== Entries supplied ==

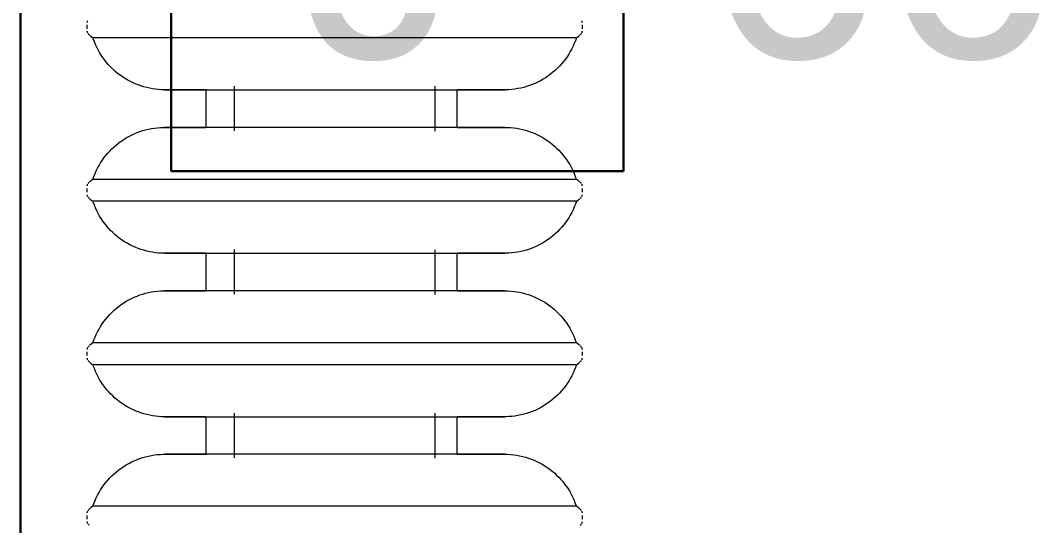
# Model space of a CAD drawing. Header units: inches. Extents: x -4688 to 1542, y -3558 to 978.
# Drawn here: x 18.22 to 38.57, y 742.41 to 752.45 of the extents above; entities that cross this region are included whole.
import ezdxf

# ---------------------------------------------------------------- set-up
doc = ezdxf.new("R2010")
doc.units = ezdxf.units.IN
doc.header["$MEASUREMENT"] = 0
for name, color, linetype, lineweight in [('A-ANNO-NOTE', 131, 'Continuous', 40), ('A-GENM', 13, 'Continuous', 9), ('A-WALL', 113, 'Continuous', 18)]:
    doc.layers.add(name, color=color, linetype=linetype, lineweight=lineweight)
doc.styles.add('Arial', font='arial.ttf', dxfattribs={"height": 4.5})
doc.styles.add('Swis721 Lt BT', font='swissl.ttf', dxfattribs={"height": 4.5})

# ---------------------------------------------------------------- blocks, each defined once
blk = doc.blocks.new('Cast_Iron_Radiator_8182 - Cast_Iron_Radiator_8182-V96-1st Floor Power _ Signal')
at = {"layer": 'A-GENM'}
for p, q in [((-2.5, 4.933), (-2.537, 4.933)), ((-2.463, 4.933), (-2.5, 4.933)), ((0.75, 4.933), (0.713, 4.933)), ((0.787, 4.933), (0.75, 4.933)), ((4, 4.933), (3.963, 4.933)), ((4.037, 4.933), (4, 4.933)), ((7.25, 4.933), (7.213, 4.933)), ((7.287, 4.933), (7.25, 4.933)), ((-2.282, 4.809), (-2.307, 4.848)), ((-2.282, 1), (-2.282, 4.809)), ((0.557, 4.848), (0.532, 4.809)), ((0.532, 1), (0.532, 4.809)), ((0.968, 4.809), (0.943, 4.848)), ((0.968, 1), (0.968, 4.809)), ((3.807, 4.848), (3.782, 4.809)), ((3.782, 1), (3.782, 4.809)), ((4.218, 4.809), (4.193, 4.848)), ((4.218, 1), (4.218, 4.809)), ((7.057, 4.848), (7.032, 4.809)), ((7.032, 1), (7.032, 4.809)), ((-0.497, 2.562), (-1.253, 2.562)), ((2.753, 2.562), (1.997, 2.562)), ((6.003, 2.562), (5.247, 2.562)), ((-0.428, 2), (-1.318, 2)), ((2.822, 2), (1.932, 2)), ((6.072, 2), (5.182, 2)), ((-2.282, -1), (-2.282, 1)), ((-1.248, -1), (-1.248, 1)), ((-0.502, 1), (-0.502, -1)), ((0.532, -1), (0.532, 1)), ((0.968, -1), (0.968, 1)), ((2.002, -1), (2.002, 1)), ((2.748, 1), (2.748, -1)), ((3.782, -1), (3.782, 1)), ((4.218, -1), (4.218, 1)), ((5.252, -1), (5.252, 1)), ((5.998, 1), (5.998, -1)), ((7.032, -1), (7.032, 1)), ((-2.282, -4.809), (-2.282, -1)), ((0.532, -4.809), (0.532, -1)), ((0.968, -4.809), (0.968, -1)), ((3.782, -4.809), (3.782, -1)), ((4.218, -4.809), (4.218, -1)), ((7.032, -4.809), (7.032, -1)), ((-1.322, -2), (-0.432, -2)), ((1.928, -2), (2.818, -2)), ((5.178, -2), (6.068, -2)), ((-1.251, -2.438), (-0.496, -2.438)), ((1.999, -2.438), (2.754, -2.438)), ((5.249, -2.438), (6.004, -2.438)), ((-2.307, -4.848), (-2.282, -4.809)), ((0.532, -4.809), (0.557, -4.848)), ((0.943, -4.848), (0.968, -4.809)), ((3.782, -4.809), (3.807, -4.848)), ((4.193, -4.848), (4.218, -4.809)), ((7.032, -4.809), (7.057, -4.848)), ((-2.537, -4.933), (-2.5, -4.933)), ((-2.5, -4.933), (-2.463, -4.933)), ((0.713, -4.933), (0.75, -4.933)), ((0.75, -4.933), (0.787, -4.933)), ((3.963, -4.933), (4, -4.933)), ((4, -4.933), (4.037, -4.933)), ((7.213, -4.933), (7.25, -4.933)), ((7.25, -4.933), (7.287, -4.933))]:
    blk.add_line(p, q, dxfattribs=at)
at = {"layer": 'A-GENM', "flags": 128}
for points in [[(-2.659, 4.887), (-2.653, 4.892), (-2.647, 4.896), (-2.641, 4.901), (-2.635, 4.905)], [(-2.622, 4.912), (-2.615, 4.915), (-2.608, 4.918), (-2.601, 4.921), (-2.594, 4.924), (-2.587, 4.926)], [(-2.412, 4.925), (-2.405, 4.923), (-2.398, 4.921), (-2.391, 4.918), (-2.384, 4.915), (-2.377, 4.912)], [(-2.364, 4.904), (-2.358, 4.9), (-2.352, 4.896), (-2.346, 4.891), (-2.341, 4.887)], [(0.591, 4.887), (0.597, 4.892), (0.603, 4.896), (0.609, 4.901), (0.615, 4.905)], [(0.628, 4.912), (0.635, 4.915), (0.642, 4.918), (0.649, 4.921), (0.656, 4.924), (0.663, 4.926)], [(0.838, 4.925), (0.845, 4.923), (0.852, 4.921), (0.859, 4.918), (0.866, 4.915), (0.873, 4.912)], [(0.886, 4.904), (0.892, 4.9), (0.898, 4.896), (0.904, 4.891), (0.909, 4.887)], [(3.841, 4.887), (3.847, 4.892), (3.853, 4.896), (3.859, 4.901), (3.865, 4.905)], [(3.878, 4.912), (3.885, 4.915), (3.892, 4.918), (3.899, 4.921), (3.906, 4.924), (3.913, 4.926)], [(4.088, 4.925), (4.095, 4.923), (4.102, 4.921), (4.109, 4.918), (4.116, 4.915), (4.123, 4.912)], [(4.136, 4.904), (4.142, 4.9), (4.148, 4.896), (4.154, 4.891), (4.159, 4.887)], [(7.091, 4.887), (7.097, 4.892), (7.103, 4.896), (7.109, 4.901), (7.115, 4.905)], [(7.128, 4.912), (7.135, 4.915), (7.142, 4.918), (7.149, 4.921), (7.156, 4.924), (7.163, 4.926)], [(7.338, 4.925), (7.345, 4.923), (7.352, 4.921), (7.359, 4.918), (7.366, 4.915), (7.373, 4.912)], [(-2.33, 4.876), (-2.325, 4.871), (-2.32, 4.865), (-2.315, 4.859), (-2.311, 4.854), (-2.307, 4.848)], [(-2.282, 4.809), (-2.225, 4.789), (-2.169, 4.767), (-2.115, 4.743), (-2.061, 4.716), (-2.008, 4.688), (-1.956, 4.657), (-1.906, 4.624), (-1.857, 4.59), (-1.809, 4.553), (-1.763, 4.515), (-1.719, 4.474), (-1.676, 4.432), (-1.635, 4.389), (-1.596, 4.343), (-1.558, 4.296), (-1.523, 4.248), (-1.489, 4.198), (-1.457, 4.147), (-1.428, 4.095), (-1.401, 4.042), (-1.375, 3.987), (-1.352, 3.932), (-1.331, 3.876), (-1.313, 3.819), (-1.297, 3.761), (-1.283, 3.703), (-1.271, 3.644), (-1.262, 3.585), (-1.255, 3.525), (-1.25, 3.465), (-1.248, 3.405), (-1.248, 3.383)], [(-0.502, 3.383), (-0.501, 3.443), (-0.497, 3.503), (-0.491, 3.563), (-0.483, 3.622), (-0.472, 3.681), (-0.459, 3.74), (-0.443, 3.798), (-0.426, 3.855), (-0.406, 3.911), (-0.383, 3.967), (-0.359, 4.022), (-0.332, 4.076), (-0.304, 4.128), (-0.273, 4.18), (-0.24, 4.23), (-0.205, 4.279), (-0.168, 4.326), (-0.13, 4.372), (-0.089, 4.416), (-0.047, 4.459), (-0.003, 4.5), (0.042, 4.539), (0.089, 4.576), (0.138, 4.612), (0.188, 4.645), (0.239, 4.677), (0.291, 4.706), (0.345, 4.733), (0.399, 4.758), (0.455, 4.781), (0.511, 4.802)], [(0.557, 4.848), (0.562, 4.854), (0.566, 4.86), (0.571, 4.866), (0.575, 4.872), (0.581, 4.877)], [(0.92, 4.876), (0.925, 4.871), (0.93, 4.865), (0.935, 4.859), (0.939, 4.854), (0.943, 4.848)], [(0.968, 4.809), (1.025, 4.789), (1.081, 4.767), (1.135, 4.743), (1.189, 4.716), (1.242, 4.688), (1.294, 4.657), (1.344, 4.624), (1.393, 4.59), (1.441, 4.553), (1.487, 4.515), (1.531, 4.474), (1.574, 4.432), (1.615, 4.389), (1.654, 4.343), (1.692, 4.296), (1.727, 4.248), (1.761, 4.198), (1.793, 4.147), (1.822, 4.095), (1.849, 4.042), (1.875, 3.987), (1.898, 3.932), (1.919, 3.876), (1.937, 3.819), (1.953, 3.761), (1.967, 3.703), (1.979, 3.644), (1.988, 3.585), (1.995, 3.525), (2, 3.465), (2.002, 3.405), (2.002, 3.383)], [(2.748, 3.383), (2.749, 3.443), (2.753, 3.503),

===

■ Task instructions ■
Could you report how many lines of the listing contain the word "name"? Only the number is needed.

■ Answer box ■
2